__Description of the task__
Starting at the top of the records below and ending with the line that contains "import ezdxf", print each line exactly as written, skipping the pictures.

__Data extract__
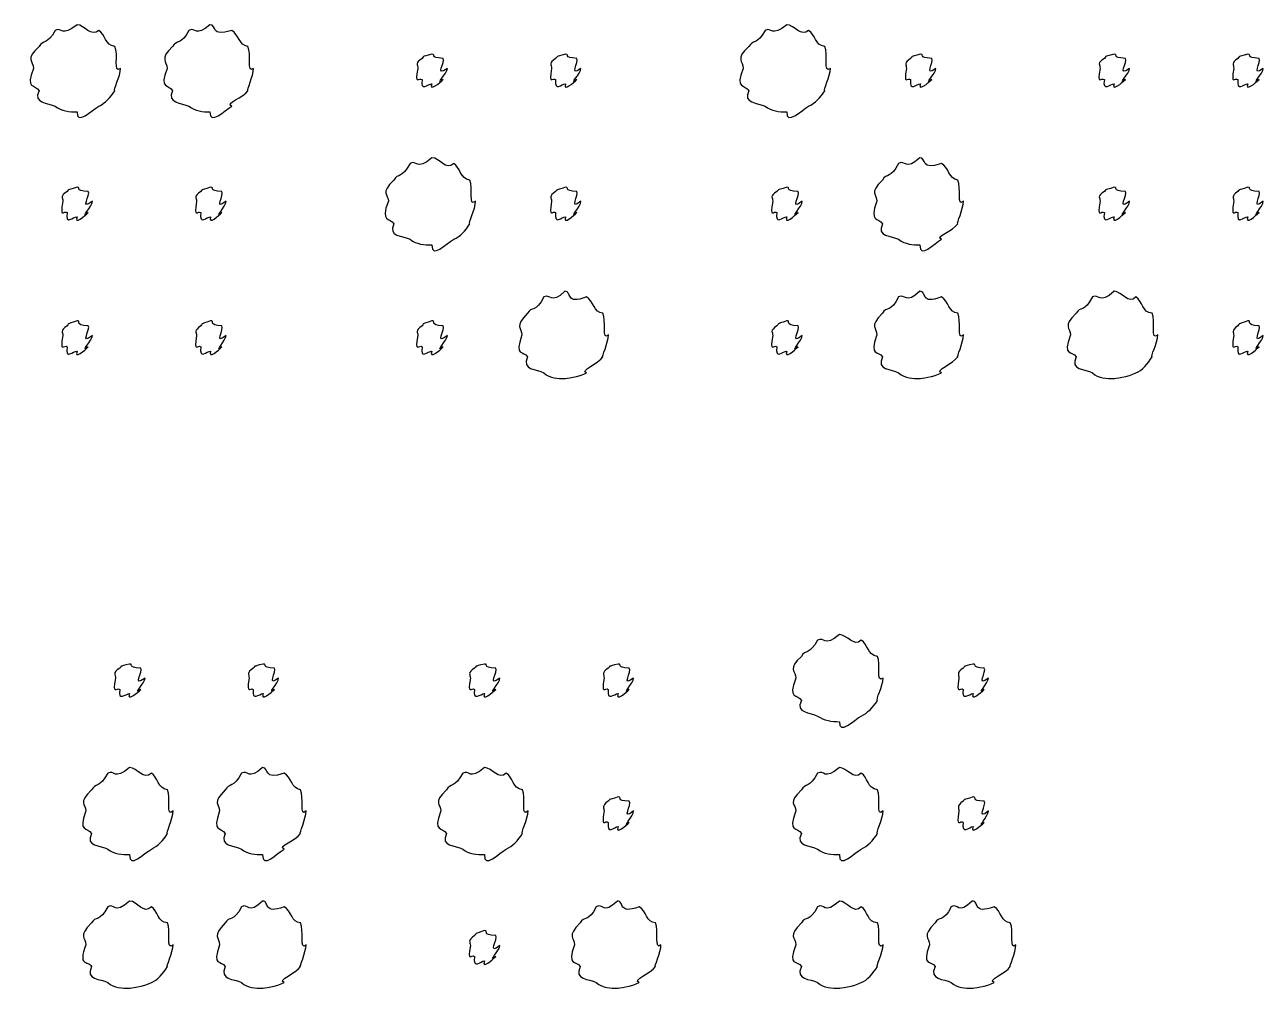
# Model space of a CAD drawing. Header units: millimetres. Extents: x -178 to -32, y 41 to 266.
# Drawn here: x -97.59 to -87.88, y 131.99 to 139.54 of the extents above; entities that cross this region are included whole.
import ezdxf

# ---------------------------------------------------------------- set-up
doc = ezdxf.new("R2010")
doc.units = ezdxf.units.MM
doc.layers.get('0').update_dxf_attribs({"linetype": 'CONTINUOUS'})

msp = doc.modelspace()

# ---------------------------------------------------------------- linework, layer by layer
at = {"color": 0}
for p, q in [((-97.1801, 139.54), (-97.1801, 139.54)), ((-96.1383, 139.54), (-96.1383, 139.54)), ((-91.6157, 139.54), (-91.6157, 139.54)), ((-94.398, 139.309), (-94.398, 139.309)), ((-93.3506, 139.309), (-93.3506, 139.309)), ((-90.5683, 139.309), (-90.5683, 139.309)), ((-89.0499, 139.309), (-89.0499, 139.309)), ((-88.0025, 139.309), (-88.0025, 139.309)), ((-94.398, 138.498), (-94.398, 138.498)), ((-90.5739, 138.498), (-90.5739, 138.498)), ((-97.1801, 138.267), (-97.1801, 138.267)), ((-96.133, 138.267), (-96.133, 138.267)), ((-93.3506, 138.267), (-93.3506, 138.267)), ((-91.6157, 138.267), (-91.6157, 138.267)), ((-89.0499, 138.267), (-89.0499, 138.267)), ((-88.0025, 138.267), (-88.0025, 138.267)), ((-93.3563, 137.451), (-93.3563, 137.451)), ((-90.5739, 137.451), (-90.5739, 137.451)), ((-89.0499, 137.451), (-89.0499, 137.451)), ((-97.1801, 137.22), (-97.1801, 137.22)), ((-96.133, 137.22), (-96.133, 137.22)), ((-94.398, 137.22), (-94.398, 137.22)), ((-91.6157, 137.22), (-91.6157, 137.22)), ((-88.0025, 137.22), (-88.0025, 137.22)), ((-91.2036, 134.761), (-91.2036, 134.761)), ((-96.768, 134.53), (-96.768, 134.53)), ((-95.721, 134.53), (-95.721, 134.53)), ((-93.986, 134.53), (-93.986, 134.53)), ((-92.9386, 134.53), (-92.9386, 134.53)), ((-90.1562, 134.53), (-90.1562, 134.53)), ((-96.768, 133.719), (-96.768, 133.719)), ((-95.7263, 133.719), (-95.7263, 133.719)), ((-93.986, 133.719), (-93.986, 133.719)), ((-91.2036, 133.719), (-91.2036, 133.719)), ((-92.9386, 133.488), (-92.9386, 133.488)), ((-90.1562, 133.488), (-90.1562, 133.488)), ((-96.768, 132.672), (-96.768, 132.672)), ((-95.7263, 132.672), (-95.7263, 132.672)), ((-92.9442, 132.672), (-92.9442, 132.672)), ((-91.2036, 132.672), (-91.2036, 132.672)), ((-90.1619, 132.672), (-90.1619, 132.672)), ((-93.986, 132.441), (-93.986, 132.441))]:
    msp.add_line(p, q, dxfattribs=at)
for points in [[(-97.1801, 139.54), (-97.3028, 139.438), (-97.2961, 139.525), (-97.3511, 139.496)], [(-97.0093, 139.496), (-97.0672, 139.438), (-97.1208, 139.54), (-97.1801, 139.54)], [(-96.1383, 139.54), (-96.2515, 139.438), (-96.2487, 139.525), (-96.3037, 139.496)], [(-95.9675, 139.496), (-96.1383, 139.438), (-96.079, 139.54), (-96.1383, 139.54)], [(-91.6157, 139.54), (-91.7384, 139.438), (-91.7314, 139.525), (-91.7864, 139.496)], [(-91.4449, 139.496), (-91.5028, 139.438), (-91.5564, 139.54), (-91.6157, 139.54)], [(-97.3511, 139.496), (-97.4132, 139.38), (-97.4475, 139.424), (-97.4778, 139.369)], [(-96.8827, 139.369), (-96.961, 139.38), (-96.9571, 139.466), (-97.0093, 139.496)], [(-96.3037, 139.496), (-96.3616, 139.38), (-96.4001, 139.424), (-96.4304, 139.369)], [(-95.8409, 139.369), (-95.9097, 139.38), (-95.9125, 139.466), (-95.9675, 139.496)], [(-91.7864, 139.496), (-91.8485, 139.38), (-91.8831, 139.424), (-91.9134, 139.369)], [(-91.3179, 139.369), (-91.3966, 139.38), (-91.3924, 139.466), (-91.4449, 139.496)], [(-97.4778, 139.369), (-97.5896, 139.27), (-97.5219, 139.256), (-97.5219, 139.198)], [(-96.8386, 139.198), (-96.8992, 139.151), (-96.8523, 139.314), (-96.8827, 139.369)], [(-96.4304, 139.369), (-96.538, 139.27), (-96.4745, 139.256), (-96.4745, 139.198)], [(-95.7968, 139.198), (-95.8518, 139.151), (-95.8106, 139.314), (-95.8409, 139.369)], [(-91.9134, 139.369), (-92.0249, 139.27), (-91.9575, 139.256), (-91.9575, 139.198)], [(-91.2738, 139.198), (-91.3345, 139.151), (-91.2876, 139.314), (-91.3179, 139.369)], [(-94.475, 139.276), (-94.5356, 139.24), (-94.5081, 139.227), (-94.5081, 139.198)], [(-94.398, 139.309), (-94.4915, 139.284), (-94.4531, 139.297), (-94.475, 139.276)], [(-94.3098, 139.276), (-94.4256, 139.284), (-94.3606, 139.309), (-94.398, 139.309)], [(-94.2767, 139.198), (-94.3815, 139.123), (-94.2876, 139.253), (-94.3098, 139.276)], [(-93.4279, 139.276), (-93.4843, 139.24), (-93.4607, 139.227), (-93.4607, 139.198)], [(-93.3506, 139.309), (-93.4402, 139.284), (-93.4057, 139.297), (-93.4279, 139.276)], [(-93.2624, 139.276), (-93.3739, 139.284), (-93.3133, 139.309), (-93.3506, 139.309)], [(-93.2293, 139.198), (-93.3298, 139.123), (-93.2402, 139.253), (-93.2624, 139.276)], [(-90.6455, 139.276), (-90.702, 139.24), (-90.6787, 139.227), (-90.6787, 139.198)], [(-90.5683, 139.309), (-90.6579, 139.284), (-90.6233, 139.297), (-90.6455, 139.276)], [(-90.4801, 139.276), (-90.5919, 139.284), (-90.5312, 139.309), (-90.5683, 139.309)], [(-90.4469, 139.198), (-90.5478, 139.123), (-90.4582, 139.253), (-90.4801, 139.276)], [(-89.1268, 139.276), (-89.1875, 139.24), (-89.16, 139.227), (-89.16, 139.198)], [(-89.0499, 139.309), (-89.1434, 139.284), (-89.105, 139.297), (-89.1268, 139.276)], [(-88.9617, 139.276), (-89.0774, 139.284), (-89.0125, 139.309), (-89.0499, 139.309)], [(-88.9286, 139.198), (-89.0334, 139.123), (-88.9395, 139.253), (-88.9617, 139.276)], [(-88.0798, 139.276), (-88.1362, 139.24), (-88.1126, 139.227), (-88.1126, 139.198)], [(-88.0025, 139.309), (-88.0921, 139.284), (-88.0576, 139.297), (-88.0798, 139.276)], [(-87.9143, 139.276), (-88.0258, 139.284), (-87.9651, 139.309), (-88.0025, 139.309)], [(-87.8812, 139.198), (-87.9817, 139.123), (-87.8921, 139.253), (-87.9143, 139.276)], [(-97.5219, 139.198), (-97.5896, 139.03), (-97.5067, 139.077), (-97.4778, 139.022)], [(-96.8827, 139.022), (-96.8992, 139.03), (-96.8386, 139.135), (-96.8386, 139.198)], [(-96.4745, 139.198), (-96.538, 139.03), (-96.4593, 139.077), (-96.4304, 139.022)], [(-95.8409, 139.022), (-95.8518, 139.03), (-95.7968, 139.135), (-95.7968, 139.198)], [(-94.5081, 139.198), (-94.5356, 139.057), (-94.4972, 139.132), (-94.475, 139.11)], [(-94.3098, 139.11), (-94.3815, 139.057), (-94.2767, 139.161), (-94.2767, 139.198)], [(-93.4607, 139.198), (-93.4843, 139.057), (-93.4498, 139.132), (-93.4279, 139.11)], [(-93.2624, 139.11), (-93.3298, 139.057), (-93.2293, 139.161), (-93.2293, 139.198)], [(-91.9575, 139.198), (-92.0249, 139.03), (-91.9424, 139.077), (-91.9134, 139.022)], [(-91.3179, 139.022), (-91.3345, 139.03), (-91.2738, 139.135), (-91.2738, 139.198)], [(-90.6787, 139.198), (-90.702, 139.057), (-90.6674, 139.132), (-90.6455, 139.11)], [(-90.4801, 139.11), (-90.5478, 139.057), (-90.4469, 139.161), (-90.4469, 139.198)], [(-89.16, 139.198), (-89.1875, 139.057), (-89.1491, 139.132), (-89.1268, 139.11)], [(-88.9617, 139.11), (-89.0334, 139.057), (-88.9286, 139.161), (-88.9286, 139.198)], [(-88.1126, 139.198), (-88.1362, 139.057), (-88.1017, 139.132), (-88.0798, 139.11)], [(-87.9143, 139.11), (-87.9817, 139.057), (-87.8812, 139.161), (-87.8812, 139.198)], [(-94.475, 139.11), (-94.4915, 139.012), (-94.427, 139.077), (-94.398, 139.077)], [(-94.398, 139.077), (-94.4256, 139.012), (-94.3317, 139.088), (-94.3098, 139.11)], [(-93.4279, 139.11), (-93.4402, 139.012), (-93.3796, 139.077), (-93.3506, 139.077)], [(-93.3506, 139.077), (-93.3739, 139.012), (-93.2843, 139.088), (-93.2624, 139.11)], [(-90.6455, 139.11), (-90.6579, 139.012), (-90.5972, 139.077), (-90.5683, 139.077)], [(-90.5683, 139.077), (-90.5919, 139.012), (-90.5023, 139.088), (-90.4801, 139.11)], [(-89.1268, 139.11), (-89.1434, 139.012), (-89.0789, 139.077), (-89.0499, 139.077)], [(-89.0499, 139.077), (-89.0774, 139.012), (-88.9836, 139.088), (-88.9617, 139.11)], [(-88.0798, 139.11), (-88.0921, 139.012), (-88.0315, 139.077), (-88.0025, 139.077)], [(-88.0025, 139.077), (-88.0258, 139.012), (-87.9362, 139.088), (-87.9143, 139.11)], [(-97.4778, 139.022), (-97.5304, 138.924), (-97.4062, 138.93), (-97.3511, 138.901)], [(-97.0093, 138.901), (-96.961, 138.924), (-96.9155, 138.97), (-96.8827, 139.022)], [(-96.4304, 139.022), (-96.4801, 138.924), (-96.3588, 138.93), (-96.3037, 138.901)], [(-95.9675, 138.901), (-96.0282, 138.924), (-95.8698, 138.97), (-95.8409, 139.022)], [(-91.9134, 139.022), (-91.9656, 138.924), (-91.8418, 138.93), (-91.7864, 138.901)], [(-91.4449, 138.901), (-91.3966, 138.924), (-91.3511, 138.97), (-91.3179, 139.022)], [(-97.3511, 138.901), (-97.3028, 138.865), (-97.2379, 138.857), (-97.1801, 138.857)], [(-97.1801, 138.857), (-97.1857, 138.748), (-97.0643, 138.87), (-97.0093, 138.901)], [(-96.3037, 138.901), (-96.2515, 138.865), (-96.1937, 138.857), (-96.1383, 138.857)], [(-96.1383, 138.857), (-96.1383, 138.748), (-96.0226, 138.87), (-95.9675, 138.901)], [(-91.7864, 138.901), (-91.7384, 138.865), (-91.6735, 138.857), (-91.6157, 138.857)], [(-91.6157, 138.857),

__Written answer__
# Model space of a CAD drawing. Header units: millimetres. Extents: x -178 to -32, y 41 to 266.
# Drawn here: x -97.59 to -87.88, y 131.99 to 139.54 of the extents above; entities that cross this region are included whole.
import ezdxf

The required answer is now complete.